Many of the records created through this system are held by the National Archives of Australia. RecordSearch, the National Archives online database, has no API, but guess what — I have a few notebooks and screen scrapers that can help you get data out.
Having harvested most of the series-level data from RecordSearch I can now aggregate it by a keyword or phrase. So I can tell you that series with the phrase ‘alien registration’ in their title take up more than one kilometre of shelf space in the National Archives.
But what if they don’t have that term in their in title. Can we trust the language of our descriptive systems?
If you search in RecordSearch for series descriptions that include the term ‘White Australia Policy’ you get very few results. There are many, many records relating to the surveillance and control of non-white populations in the National Archives of Australia, but the descriptions rarely include that phrase. You have to know the language of the racist bureaucracy that created the system in order to find the records.
Our own descriptive systems, our own language, our own words can maintain the invisibility, the otherness, of people marginalised by past governments.
Using and sharing these sources, analysing their contents, and looking for patterns — these all help cut across the biases of our descriptive systems. While searching for ‘White Australia Policy’ in the National Archives is not very productive, I can harvest and package data about relevant series and share them in a public repository.
Or I can take data scraped from early naturalisation applications in the Archives and create a Twitter bot that just tweets their names and links to their files — many names, many cultures, these were the people of Australia.
The Real Face of White Australia Twitter bot uses data transcribed from files used in the administration of the White Australia Policy to create little stories about the people who lived under its restrictions. These were the people of Australia.
In recent years, the Australian government invented a new category of ‘Illegal Maritime Arrivals’ to justify the brutal treatment of asylum seekers. Amongst its planned changes to the citizenship test is a much higher level of English language skills. Last year a senator from Queensland suggested a return to the White Australia Policy would not be a bad thing.

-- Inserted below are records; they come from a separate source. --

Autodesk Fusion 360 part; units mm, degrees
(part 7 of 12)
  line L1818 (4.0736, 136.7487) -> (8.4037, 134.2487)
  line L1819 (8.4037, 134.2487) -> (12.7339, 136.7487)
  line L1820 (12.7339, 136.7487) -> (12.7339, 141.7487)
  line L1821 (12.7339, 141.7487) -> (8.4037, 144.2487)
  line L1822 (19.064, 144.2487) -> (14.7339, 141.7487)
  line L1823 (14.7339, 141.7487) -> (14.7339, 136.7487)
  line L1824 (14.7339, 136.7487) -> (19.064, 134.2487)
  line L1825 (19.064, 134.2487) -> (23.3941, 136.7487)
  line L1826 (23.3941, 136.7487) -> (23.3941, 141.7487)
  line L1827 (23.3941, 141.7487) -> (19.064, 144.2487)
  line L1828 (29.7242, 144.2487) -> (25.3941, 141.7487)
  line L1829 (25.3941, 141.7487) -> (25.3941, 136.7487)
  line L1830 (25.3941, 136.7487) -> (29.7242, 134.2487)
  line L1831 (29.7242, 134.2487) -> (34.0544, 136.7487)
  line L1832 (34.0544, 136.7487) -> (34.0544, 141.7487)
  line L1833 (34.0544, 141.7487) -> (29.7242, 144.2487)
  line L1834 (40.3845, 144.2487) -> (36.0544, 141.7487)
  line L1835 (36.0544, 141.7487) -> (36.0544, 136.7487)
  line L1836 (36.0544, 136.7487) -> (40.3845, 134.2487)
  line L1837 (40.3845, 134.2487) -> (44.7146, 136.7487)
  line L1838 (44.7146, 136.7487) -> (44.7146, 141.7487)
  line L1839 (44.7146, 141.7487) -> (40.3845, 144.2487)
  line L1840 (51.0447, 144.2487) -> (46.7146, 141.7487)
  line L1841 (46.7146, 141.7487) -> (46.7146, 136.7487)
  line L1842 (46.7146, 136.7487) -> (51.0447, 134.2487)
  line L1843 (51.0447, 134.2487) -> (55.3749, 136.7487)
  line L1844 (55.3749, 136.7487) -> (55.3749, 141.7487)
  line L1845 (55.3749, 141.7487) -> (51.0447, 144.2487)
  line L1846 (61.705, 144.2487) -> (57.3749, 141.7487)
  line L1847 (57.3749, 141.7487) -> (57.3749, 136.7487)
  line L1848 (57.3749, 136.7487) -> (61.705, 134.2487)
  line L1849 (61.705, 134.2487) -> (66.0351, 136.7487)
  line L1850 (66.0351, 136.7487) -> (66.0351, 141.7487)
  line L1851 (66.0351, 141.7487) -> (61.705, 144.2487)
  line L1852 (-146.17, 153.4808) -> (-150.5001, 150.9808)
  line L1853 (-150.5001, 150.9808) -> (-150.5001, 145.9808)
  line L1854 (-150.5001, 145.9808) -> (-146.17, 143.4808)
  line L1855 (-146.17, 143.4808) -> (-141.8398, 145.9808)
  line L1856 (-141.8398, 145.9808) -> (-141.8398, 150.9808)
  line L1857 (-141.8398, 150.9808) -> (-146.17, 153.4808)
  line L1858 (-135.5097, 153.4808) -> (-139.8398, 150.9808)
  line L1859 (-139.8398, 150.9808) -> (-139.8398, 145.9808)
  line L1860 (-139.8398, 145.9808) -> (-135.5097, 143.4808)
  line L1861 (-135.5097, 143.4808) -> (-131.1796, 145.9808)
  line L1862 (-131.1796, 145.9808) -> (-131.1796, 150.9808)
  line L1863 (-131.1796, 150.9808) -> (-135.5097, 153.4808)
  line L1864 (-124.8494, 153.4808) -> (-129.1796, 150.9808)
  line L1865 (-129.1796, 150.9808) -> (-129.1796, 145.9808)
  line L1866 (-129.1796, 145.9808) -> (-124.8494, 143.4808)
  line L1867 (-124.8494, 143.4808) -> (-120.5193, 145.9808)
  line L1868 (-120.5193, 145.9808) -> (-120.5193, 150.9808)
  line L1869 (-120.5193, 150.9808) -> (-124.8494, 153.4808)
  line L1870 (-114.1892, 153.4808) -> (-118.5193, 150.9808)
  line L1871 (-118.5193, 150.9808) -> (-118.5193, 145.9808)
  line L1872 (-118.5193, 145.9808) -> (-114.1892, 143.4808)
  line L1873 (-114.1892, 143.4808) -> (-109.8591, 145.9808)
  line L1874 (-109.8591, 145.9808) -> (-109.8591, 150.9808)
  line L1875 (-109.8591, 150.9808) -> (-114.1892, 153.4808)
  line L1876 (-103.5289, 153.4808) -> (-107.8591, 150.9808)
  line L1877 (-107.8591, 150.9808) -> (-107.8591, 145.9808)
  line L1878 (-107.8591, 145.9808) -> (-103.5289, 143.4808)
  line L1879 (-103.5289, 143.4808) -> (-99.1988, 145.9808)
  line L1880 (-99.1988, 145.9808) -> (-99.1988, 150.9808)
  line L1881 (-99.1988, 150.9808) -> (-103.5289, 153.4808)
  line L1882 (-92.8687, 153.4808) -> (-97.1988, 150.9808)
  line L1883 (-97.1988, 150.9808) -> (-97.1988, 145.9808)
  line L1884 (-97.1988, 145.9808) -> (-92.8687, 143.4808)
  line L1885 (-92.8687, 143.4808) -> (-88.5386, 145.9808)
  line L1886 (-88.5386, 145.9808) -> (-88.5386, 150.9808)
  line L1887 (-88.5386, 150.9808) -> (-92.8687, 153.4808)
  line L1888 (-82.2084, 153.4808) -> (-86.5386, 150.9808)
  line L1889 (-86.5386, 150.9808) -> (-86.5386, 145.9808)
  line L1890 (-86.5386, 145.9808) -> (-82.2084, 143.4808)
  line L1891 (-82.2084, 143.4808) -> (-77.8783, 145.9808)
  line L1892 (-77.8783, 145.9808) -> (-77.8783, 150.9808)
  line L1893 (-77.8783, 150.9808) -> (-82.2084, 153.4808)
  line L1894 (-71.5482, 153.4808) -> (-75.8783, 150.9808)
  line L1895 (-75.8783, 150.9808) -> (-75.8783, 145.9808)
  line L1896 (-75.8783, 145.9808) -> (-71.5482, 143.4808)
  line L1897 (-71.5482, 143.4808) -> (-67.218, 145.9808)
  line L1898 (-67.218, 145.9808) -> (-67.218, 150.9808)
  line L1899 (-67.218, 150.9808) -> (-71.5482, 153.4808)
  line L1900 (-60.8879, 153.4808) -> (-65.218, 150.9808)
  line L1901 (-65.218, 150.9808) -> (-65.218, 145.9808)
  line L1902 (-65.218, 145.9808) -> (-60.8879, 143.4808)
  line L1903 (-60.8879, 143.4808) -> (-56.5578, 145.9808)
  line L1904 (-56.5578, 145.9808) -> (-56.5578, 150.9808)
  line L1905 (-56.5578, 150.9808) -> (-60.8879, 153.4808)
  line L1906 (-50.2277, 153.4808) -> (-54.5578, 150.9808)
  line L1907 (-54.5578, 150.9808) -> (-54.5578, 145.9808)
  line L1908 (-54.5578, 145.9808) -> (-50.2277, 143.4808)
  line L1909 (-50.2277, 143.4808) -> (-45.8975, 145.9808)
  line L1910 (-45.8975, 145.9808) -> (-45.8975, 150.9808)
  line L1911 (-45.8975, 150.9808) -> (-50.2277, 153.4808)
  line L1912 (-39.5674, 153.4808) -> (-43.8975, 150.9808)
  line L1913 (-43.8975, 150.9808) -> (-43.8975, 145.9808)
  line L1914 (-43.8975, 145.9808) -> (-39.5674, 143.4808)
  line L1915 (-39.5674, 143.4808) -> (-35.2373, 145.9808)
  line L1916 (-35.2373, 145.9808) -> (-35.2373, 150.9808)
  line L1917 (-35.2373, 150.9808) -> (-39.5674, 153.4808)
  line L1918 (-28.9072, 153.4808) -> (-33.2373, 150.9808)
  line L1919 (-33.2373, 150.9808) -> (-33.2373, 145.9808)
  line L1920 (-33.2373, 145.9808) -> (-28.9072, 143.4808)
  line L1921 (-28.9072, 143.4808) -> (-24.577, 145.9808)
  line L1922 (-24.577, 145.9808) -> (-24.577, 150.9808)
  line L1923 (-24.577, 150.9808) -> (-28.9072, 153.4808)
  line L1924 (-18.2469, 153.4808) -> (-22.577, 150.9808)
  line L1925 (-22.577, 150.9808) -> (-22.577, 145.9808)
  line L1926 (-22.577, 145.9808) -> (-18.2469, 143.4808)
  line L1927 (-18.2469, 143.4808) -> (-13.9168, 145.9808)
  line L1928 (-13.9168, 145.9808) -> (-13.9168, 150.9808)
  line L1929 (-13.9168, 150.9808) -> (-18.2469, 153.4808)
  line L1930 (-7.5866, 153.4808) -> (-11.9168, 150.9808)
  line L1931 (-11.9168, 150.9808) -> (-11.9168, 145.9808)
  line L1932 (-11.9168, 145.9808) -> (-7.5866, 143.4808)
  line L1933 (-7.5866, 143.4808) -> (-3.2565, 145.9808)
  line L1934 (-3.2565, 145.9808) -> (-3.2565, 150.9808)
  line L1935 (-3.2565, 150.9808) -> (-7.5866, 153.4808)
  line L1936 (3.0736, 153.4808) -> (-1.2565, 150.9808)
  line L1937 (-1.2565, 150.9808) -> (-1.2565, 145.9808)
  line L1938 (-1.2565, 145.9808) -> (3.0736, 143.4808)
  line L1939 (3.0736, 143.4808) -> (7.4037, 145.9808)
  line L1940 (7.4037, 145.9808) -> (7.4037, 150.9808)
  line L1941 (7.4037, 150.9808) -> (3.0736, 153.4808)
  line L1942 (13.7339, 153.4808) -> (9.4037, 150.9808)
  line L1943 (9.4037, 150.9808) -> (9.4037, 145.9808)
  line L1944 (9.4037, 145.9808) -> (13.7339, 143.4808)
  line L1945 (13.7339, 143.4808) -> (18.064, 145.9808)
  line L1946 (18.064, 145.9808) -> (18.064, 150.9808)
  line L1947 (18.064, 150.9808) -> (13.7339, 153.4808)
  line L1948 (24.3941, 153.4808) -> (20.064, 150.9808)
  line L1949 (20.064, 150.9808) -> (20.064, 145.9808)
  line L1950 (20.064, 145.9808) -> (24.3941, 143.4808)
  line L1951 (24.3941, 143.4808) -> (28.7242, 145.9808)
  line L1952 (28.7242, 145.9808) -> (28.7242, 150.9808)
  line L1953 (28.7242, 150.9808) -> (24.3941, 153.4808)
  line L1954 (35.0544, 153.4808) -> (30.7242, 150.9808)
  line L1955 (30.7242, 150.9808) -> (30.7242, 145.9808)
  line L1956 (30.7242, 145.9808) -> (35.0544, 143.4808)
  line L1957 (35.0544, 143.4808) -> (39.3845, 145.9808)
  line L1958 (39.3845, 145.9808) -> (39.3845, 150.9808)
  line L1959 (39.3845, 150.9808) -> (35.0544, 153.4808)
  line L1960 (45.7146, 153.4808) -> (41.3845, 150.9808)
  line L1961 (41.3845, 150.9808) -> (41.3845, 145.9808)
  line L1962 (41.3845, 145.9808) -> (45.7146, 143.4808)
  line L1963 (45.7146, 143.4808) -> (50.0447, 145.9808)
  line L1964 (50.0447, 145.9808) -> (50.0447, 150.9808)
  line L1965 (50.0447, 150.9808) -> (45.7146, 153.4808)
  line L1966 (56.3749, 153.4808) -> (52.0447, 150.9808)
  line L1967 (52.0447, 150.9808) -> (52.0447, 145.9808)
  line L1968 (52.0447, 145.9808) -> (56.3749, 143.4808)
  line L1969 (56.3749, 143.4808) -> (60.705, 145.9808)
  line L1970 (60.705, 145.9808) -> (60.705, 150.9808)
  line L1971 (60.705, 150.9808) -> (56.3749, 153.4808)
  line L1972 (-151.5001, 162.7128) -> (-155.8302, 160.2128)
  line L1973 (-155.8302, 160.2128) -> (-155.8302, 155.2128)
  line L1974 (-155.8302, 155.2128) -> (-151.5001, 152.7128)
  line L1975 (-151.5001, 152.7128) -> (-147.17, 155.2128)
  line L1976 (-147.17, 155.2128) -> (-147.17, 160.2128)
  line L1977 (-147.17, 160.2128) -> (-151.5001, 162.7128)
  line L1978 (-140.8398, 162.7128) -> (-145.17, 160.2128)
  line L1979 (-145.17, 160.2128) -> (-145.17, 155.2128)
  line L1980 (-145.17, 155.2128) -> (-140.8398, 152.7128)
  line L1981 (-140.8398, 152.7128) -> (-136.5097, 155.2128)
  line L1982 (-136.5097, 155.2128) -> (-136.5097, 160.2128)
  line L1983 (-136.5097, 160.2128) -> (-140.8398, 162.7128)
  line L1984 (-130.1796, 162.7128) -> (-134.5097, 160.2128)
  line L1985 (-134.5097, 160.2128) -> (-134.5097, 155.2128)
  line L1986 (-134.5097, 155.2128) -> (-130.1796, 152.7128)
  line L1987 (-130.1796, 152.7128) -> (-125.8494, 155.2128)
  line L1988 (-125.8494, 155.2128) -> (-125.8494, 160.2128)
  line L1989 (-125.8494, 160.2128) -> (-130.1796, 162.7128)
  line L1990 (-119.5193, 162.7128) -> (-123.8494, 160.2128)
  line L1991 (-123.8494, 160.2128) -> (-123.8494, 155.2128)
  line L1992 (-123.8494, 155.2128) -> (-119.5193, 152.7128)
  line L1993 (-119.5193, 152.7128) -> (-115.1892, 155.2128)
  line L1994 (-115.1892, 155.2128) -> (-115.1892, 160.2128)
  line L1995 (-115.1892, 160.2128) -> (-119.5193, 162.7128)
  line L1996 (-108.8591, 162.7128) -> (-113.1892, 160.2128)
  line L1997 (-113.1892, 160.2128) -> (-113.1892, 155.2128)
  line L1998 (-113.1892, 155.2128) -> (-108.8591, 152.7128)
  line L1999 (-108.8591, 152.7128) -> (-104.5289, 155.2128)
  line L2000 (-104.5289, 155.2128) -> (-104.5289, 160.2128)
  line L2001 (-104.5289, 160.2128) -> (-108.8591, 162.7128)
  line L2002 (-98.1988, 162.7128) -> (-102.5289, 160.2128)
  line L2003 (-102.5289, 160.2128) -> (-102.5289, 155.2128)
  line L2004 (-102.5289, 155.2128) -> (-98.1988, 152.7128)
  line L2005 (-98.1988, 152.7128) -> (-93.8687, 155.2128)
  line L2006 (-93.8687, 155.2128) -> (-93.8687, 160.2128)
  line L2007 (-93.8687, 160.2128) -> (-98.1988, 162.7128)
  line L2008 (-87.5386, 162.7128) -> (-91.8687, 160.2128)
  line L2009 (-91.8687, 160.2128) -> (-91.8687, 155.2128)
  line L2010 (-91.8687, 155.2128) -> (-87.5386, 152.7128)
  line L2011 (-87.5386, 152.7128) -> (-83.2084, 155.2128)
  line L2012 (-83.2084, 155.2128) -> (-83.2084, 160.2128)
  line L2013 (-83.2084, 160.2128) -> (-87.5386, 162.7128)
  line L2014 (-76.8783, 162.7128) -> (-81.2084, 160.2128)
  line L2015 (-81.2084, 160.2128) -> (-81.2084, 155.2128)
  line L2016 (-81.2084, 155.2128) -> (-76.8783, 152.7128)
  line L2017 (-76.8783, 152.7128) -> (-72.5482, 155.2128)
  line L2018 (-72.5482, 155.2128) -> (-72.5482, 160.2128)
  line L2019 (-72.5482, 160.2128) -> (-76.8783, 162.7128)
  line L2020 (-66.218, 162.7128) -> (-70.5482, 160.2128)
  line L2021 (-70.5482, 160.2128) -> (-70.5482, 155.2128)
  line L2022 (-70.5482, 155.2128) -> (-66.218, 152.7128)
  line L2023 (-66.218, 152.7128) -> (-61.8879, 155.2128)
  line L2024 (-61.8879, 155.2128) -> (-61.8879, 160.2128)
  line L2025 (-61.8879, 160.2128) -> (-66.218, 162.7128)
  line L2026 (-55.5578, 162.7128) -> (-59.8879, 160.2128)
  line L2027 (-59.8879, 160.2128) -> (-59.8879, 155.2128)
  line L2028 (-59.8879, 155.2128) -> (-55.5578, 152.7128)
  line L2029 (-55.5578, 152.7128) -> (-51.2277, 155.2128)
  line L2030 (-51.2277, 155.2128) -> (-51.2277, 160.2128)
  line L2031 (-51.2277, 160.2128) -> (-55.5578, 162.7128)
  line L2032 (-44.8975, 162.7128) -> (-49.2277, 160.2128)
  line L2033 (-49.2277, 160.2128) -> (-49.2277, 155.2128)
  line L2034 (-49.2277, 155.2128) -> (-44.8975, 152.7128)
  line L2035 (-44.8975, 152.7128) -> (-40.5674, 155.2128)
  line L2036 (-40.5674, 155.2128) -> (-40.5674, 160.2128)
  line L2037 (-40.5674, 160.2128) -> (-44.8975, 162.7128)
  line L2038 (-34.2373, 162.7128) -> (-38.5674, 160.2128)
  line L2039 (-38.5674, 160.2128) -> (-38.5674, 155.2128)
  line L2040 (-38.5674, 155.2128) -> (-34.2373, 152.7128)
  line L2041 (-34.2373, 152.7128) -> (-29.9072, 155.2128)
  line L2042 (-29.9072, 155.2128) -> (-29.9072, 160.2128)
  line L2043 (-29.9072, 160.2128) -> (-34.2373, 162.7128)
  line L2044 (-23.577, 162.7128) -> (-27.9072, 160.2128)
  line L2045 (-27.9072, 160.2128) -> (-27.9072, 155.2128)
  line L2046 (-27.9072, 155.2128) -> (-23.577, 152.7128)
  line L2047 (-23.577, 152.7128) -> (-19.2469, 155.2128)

A couple of years ago the UNHCR launched the #wordsmatter campaign to remind people in well-off countries like Australia that asylum seekers were not ‘illegal’, and refugees were people forced to flee their homes due to danger or persecution.
Words matter — as people who work with text, who describe collections, who create and consume metadata, we know this. But still…
The National Archives of Australia maintains a hierarchical thesaurus of government functions — things like Defence, and Education. It’s intended to aid the discoverability of online resources, but there’s also a version used in RecordSearch itself to help describe government agencies. I wasted a lot of time comparing versions of this thesaurus, but one interesting thing I noticed was this.
Between version 1 and version 3 of this thesaurus, the function: ‘Community Protection — Coastal Surveillance’ was replaced by ‘National Security — Border Protection’. You could argue that this is in line with changes to the names of the relevant government agencies — instead of customs officers we now have Border Force. But agencies change names all the time. Has the function itself actually changed?
Words matter. They help enforce boundaries and define who belongs. Whose borders are we actually protecting?